#### YOUR GOAL:
Set down, without alteration, the lines from the one that contains "MOTOR7: M7.2, Q4.7+8 (D)" through the final line of the material below.
----
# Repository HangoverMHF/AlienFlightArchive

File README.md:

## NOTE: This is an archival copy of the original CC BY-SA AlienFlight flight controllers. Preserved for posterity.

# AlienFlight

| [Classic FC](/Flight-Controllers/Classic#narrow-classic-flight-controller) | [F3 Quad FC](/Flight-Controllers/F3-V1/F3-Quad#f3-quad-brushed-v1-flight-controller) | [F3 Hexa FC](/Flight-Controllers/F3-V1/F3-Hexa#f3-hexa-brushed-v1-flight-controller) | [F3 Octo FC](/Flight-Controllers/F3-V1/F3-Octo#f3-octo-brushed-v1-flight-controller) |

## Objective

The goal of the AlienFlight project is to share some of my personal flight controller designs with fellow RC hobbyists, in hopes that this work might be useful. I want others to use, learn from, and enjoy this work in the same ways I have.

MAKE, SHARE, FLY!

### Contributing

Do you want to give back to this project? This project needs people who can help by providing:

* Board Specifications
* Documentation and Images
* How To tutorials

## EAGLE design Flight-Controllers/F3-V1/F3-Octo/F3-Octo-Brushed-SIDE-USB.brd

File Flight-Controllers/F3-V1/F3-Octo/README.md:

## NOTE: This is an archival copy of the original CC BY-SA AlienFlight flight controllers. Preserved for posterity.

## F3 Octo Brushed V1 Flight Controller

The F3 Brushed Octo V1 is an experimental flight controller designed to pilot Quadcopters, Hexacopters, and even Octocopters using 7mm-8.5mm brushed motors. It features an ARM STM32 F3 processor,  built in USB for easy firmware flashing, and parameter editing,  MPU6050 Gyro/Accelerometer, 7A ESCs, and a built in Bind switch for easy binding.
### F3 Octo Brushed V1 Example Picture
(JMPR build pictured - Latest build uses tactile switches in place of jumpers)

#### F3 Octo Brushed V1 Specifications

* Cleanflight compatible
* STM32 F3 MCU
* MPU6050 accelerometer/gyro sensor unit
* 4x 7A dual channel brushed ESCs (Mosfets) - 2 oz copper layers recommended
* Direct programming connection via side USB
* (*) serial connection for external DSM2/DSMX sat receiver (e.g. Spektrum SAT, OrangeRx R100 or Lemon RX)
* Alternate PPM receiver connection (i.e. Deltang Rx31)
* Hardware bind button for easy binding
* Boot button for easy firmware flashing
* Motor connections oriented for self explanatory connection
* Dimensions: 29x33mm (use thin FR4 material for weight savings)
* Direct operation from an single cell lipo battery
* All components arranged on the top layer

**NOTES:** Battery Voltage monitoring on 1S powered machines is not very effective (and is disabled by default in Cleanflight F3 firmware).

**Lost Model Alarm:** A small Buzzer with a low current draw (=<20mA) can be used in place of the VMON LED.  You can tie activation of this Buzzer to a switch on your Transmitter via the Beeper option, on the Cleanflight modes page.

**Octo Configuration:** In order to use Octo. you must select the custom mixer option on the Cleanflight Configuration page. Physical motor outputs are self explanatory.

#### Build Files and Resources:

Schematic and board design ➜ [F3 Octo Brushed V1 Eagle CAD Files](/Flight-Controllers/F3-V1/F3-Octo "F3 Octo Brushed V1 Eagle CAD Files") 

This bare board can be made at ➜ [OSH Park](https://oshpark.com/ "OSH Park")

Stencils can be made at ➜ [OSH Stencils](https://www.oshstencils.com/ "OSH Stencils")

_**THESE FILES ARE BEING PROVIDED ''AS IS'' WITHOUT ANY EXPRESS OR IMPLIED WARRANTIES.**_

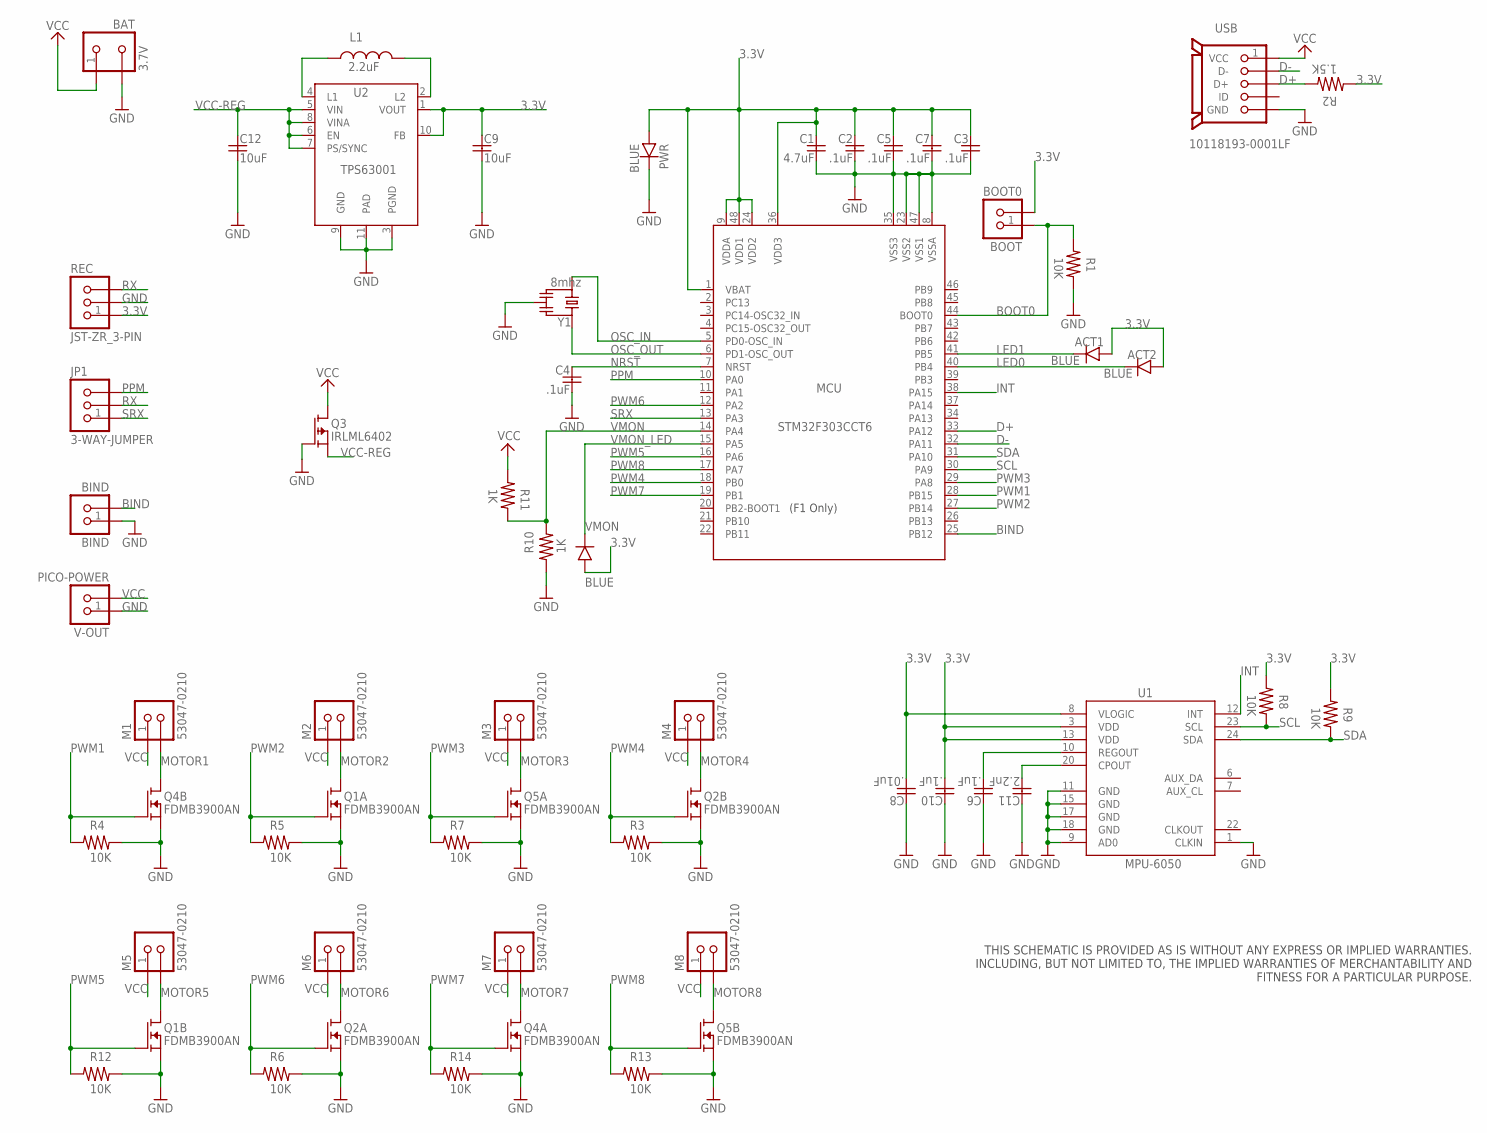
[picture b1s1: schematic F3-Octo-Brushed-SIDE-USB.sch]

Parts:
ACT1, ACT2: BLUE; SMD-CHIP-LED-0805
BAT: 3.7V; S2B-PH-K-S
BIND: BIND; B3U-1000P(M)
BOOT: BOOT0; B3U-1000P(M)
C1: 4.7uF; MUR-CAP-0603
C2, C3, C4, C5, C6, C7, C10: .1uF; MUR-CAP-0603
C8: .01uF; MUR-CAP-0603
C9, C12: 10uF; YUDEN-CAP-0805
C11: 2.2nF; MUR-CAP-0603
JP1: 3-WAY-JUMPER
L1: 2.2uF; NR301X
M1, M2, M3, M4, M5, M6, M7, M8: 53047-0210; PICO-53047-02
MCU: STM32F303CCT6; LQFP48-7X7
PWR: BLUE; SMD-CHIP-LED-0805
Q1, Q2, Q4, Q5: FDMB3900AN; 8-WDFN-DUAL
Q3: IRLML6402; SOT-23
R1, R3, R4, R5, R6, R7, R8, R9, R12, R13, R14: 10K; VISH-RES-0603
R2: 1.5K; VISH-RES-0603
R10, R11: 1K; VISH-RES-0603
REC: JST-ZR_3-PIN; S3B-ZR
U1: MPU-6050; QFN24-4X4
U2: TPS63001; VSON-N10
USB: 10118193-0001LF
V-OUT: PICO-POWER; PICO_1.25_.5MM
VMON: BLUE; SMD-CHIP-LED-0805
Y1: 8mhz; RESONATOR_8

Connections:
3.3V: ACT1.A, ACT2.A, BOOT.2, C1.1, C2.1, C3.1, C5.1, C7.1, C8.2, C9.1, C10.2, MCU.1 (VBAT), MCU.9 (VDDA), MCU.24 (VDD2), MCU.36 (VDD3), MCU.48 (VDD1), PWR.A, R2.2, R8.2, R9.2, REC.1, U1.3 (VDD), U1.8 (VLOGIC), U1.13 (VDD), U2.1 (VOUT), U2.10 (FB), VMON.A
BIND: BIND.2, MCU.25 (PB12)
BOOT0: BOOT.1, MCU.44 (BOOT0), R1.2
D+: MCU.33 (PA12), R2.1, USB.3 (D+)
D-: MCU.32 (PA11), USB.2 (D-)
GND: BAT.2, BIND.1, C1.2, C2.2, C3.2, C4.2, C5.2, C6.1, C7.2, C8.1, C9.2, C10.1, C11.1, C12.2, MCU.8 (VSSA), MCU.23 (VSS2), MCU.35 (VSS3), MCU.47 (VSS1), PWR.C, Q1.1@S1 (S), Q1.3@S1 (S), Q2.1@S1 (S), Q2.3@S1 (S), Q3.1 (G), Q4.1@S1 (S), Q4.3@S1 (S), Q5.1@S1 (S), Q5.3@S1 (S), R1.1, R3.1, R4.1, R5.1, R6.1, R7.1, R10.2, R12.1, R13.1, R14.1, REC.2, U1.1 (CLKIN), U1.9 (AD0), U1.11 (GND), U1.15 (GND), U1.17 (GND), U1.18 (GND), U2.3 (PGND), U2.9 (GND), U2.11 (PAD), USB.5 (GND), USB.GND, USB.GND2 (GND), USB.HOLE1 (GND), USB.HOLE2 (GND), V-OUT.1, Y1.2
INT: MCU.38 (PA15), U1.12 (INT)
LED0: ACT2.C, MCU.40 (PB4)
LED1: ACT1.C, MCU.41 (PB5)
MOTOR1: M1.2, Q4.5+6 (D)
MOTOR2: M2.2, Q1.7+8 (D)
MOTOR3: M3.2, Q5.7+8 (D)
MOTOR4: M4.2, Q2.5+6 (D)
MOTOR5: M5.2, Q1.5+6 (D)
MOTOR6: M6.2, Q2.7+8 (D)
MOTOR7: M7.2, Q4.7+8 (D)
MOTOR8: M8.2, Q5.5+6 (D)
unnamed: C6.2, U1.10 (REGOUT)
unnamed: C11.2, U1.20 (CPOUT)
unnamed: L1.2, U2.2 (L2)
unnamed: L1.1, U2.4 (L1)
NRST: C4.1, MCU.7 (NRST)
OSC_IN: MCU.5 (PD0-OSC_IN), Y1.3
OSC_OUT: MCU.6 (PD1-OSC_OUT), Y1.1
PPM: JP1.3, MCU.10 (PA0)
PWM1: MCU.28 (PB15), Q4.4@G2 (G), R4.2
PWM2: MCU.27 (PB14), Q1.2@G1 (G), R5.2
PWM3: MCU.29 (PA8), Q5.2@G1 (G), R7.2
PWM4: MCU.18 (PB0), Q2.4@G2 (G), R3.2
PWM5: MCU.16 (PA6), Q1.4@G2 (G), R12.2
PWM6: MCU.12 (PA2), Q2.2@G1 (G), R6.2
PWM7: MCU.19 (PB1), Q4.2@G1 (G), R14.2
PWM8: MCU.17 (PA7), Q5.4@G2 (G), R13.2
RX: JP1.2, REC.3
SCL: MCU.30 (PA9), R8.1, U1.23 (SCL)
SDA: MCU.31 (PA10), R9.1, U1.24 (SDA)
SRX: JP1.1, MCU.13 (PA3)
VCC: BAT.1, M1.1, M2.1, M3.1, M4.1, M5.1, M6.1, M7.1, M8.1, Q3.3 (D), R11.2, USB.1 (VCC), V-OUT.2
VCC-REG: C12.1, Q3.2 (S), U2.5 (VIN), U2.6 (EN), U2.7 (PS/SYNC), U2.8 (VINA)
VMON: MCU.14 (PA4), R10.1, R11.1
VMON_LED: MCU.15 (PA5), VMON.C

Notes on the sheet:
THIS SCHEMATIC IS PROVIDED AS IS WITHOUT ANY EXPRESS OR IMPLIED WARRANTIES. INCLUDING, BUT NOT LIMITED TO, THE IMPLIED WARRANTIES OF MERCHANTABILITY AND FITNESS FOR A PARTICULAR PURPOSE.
----
#### ANSWER TO THIS PROBLEM:
MOTOR7: M7.2, Q4.7+8 (D)
MOTOR8: M8.2, Q5.5+6 (D)
unnamed: C6.2, U1.10 (REGOUT)
unnamed: C11.2, U1.20 (CPOUT)
unnamed: L1.2, U2.2 (L2)
unnamed: L1.1, U2.4 (L1)
NRST: C4.1, MCU.7 (NRST)
OSC_IN: MCU.5 (PD0-OSC_IN), Y1.3
OSC_OUT: MCU.6 (PD1-OSC_OUT), Y1.1
PPM: JP1.3, MCU.10 (PA0)
PWM1: MCU.28 (PB15), Q4.4@G2 (G), R4.2
PWM2: MCU.27 (PB14), Q1.2@G1 (G), R5.2
PWM3: MCU.29 (PA8), Q5.2@G1 (G), R7.2
PWM4: MCU.18 (PB0), Q2.4@G2 (G), R3.2
PWM5: MCU.16 (PA6), Q1.4@G2 (G), R12.2
PWM6: MCU.12 (PA2), Q2.2@G1 (G), R6.2
PWM7: MCU.19 (PB1), Q4.2@G1 (G), R14.2
PWM8: MCU.17 (PA7), Q5.4@G2 (G), R13.2
RX: JP1.2, REC.3
SCL: MCU.30 (PA9), R8.1, U1.23 (SCL)
SDA: MCU.31 (PA10), R9.1, U1.24 (SDA)
SRX: JP1.1, MCU.13 (PA3)
VCC: BAT.1, M1.1, M2.1, M3.1, M4.1, M5.1, M6.1, M7.1, M8.1, Q3.3 (D), R11.2, USB.1 (VCC), V-OUT.2
VCC-REG: C12.1, Q3.2 (S), U2.5 (VIN), U2.6 (EN), U2.7 (PS/SYNC), U2.8 (VINA)
VMON: MCU.14 (PA4), R10.1, R11.1
VMON_LED: MCU.15 (PA5), VMON.C

Notes on the sheet:
THIS SCHEMATIC IS PROVIDED AS IS WITHOUT ANY EXPRESS OR IMPLIED WARRANTIES. INCLUDING, BUT NOT LIMITED TO, THE IMPLIED WARRANTIES OF MERCHANTABILITY AND FITNESS FOR A PARTICULAR PURPOSE.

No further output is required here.